‘Annihilation’ by Jeff VanderMeer [Review]

esther s.
3 min readMay 3, 2021
Banner of the cover of Annihilation.

(‘Annihilation’ is part 1 of the Southern Reach Series)
NB: This is less of a review but more of a collection of my thoughts.

Annihilation is a novel that teases the part of our brain that fears the unknown. The story tells of a place named Area X, which is occupied by an inexplicable phenomenon. Expeditions into the area have bore little fruit, and it is now on a team of female scientists to follow in their footsteps.

“Some questions will ruin you if you are denied the answer long enough.”

Our fear of the unknown is so common that it has breathed life into the very Lovecraftian horror that is sprinkled in this story. But Annihilation does not read like a horror, it is sprawled with a sense of wondrous terror as we follow our main character — known to us only as The Biologist — who guides us through the terrifying beauty of it all. Her sense of fear trumped by curiosity. Our desire for knowledge has always conquered all, even when that desire leads to self-destructive results. There in that area, there is a phenomenon that behaves like an organism, in a seemingly desperate quest to understand itself. Replicating, duplicating, and deforming all that it encounters. The same way our mind bends reality through our subjective experiences, this organism is interpreting its surroundings the only way it knows how: through mimicry and through fragmentation. There is a question of whether it has an evil nature, or whether its nature can even be evil if it was designed as such. Destruction, in some sadistic sense, is simply the transformation into something new. Endless forms most beautiful and most wonderful… What happens when we are confronted with matters that exceed the confines of rationality?
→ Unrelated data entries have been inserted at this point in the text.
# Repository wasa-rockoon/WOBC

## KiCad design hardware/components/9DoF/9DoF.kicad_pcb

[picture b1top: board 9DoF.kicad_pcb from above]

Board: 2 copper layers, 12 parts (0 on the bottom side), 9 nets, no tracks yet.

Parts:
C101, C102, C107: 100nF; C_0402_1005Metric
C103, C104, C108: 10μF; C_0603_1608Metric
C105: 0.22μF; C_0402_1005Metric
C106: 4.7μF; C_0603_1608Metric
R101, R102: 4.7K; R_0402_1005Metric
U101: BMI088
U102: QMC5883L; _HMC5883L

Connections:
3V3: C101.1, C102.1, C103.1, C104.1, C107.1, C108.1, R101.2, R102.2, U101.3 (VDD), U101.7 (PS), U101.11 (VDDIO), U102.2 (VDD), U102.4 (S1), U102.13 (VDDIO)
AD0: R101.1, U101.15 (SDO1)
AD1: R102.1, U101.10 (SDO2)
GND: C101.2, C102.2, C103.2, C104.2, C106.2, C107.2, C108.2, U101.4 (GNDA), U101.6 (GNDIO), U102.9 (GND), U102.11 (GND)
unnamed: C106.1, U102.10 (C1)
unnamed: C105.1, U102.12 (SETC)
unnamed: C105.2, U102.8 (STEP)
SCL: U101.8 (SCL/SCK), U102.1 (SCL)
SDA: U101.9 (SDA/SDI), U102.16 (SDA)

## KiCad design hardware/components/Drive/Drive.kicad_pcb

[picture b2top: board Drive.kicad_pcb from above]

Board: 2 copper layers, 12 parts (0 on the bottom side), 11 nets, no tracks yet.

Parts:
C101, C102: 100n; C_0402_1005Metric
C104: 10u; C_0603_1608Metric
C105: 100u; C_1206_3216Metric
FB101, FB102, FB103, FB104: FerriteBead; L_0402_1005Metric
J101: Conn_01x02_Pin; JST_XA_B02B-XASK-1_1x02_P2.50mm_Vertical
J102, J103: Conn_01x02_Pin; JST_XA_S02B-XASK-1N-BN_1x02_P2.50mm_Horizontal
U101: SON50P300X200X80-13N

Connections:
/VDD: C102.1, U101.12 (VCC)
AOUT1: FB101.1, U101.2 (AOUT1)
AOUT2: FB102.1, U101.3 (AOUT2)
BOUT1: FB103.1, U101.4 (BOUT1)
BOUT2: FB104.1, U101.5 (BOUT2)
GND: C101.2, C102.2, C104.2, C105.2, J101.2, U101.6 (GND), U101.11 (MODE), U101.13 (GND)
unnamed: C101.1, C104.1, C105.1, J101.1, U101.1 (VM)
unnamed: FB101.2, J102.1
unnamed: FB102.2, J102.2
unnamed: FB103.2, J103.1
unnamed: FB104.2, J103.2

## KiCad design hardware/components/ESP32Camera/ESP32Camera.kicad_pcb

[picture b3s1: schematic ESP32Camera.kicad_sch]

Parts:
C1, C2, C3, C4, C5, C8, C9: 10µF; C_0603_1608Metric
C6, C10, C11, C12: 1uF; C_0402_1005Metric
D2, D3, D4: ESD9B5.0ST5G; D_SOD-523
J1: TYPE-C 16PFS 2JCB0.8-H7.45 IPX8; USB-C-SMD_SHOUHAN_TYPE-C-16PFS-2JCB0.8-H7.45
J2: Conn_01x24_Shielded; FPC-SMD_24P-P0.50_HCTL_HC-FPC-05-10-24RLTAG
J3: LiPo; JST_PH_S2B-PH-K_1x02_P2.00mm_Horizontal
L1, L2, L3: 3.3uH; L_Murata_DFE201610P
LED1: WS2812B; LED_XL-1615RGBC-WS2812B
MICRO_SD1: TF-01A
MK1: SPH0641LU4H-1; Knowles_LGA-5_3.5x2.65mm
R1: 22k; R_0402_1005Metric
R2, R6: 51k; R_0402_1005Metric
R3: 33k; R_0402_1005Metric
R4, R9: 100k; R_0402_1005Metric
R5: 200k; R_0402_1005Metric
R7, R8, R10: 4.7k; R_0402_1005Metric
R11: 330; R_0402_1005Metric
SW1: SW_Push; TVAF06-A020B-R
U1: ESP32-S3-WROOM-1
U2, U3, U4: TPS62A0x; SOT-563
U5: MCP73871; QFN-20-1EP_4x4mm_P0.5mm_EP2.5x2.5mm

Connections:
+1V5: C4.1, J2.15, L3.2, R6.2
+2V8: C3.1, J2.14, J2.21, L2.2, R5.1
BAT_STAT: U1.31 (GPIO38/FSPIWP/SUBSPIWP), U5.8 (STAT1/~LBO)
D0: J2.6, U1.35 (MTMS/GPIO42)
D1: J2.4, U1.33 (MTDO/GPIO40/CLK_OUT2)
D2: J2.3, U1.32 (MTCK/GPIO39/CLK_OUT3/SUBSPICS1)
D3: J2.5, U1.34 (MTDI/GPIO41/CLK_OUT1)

Nothing that lived and breathed was truly objective — even in a vacuum, even if all that possessed the brain was a self-immolating desire for the truth.

One downside to adulthood is that your imagination starts to fail you. I wish I could return to a child’s imagination, untouched by society. When we could simply perceive without distortion, to process without judgment. Perhaps the reason none of the expeditions ever succeeded was precisely because they were only sending in scientists. All they ever could focus on was the why’s and the how’s and the when’s. This is because their brains were conditioned to not accept things at face value, to view them through the lens of rationality and scientific accuracy. If only they had just stopped and looked, they would have seen so much more.

“You saw something that wasn’t there.” She wasn’t going to let me off the hook.
You can’t see what is there, I thought.

I think Annihilation is a very thought-provoking novel that takes advantage of our human curiosity. In all of that confusion there is also a sense of comfort. You don’t have to explain your existence, you just — belong. I can only imagine how terrifying it must be to have all the answers in the world.